# 21

2.6K 429 121
                                    

Satu tangan Heeseung yang terbebas dari pulpen ia gunakan untuk memijit kepalanya yang mendadak berdenyut nyeri. "Serius, kamu sehari aja gak ngerepotin aku, tuh, nggak bisa ya?" tanyanya dengan nada lelah.

Jay, yang duduk di sebelahnya, hanya menopang wajahnya dengan tangan sementara ia mengarahkan badannya untuk menghadap sepenuhnya ke Heeseung. "Kayaknya gak bisa," jawab Jay, nada suaranya terdengar sangat serius sementara bibirnya membentuk senyum kecil. "Soalnya kamu seperti tercipta khusus untukku. Untuk aku repotin."

Heeseung memukul keras lengan remaja di sebelahnya dengan pulpennya. Jay meringis. "Sialan betul kamu." Heeseung mendesis. "Jangan berisik di sini. Ini perpustakaan. Kamu harusnya diam aja."

"Kamu juga banyak bicara, kenapa juga harus aku yang diam?" tukas Jay. Dia melipat kedua tangannya di atas meja. "Jadi bagaimana? Mau bantuin aku?"

"Nggak mau." Heeseung merespon cepat. Dia menutup buku modul biologinya. "Itu di luar job desk-ku."

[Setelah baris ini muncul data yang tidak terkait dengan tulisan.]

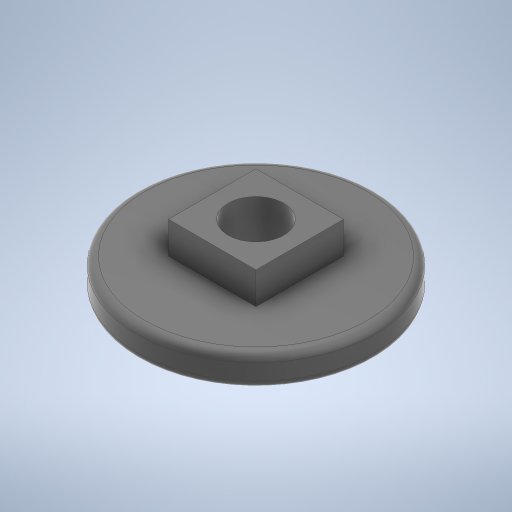
# Autodesk Inventor part: FrictionCap
Saved by Autodesk Inventor 2024 (Build 280153000, 153)
## iProperties
Created: 2026-01-10
Part Number: FrictionCap
Material: Generic
Document SubType Name: Modeling
Designer: Liam
Density: 1 g/cm^3
Appearance: Default
Author: Liam
Autodesk Inventor part; units mm, degrees
ref_plane "YZ Plane" through (0, 0, 0) normal (1, 0, 0) x (0, 1, 0)
ref_plane "XZ Plane" through (0, 0, 0) normal (0, 1, 0) x (-1, 0, 0)
ref_plane "XY Plane" through (0, 0, 0) normal (0, 0, 1) x (1, 0, 0)
sketch "Sketch1" plane through (0, 0, 0) normal (0, 1, 0) x (-1, 0, 0)
  circle A0 centre (0, 0) radius 1.75
  circle A1 centre (0, 0) radius 7.5
  line L0 (-2.75, -2.75) -> (2.75, -2.75)
  line L1 (2.75, -2.75) -> (2.75, 2.75)
  line L2 (2.75, 2.75) -> (-2.75, 2.75)
  line L3 (-2.75, 2.75) -> (-2.75, -2.75)
  line L4 (-2.75, -2.75) -> (2.75, 2.75) construction
  line L5 (2.75, -2.75) -> (-2.75, 2.75) construction
  dimension "d1" = 3.5
  dimension "d2" = 15
  dimension "d3" = 5.5
  dimension "d4" = 5.5
  constraints: 12 end point, 2 centre point, 2 coincident, 2 midpoint, 2 parallel, 1 horizontal, 1 perpendicular
  measures "d1" diameter of A0
  measures "d2" diameter of A1
  measures "d3" distance of L0.end L1.end
  measures "d4" distance of L0.start L0.end
extrude "Extrusion1" add sketch "Sketch1" along normal blind 2 contours L3 L2 L1 L0
extrude "Extrusion2" add sketch "Sketch1" against normal blind 2 contours A1 | L3 L2 L1 L0
fillet "Fillet1" radius 0.5 2 edges at (7.5, 0, 0) (7.5, -2, 0)
equation "\"d2\" = CapDiameter"
equation "\"d5\" = PIVOT_DEPTH"
equation "\"d7\" = CapHeight"
equation "\"CapDiameter\" = 15"
equation "\"CapHeight\" = 2"
equation "\"PIVOT_DEPTH\" = 2"
body "Solid1"

Alis Jay terangkat dengan gestur usil. "Oh, jadi sekarang kamu mengakui kalau kamu itu babuku? Character development-mu itu bagus banget, aku jadi suka."

"Ya, Tuhan Park Jongseong, kamu itu ngeselin kuadrat!" Heeseung menendang kaki Jay dari bawah meja. "Pergi sana dari perpustakaan! Aku mau belajar! Permintaanmu tadi bakal aku pikirin setelah aku belajar!"

"Ish, ish, bocah ambis yang galak." Jay menggelengkan kepalanya. Heeseung menulikan telinganya--omongan Jay itu jarang ada yang penting, tidak akan rugi jika tidak mendengarkannya. "Ya, ya, aku akan pergi sendiri sebelum aku diusir oleh petugas karena berbuat berisik."

Heeseung mengangguk kecil. Tangannya mulai menulis soal baru pada buku latihannya ketika ia merespon, "orang kayak kamu emang gak seharusnya ada di perpustak--"

Ucapan Heeseung terputus.

"Semangat belajarnya ya, Galak. Kalau kamu menang olimpiade, yang bangga satu sekolah termasuk majikanmu ini."

Heeseung berhenti menulis saat merasakan sebuah telapak tangan mengacak-acak lembut pucuk kepalanya untuk sepersekian detik.

Napasnya terasa berhenti bersamaan dengan detak jantungnya.

Heeseung mengadahkan kepalanya--hanya untuk menemukan punggung lebar Jay mulai berjalan menjauhi tempat Heeseung duduk untuk mengarah ke pintu perpustakaan. Matanya tetap menatap ke sosok Park tersebut sampai anak itu benar-benar menghilang dari pandangannya.

Mendadak, Heeseung merasa wajahnya panas sekali dan dia ingin menenggelamkan wajahnya di buku modul biologinya. Ia juga tiba-tiba merasakan kedua tangannya mengepal kuat. Sesuatu seperti ingin membuncah dari dalam dirinya tanpa dia ketahui alasannya.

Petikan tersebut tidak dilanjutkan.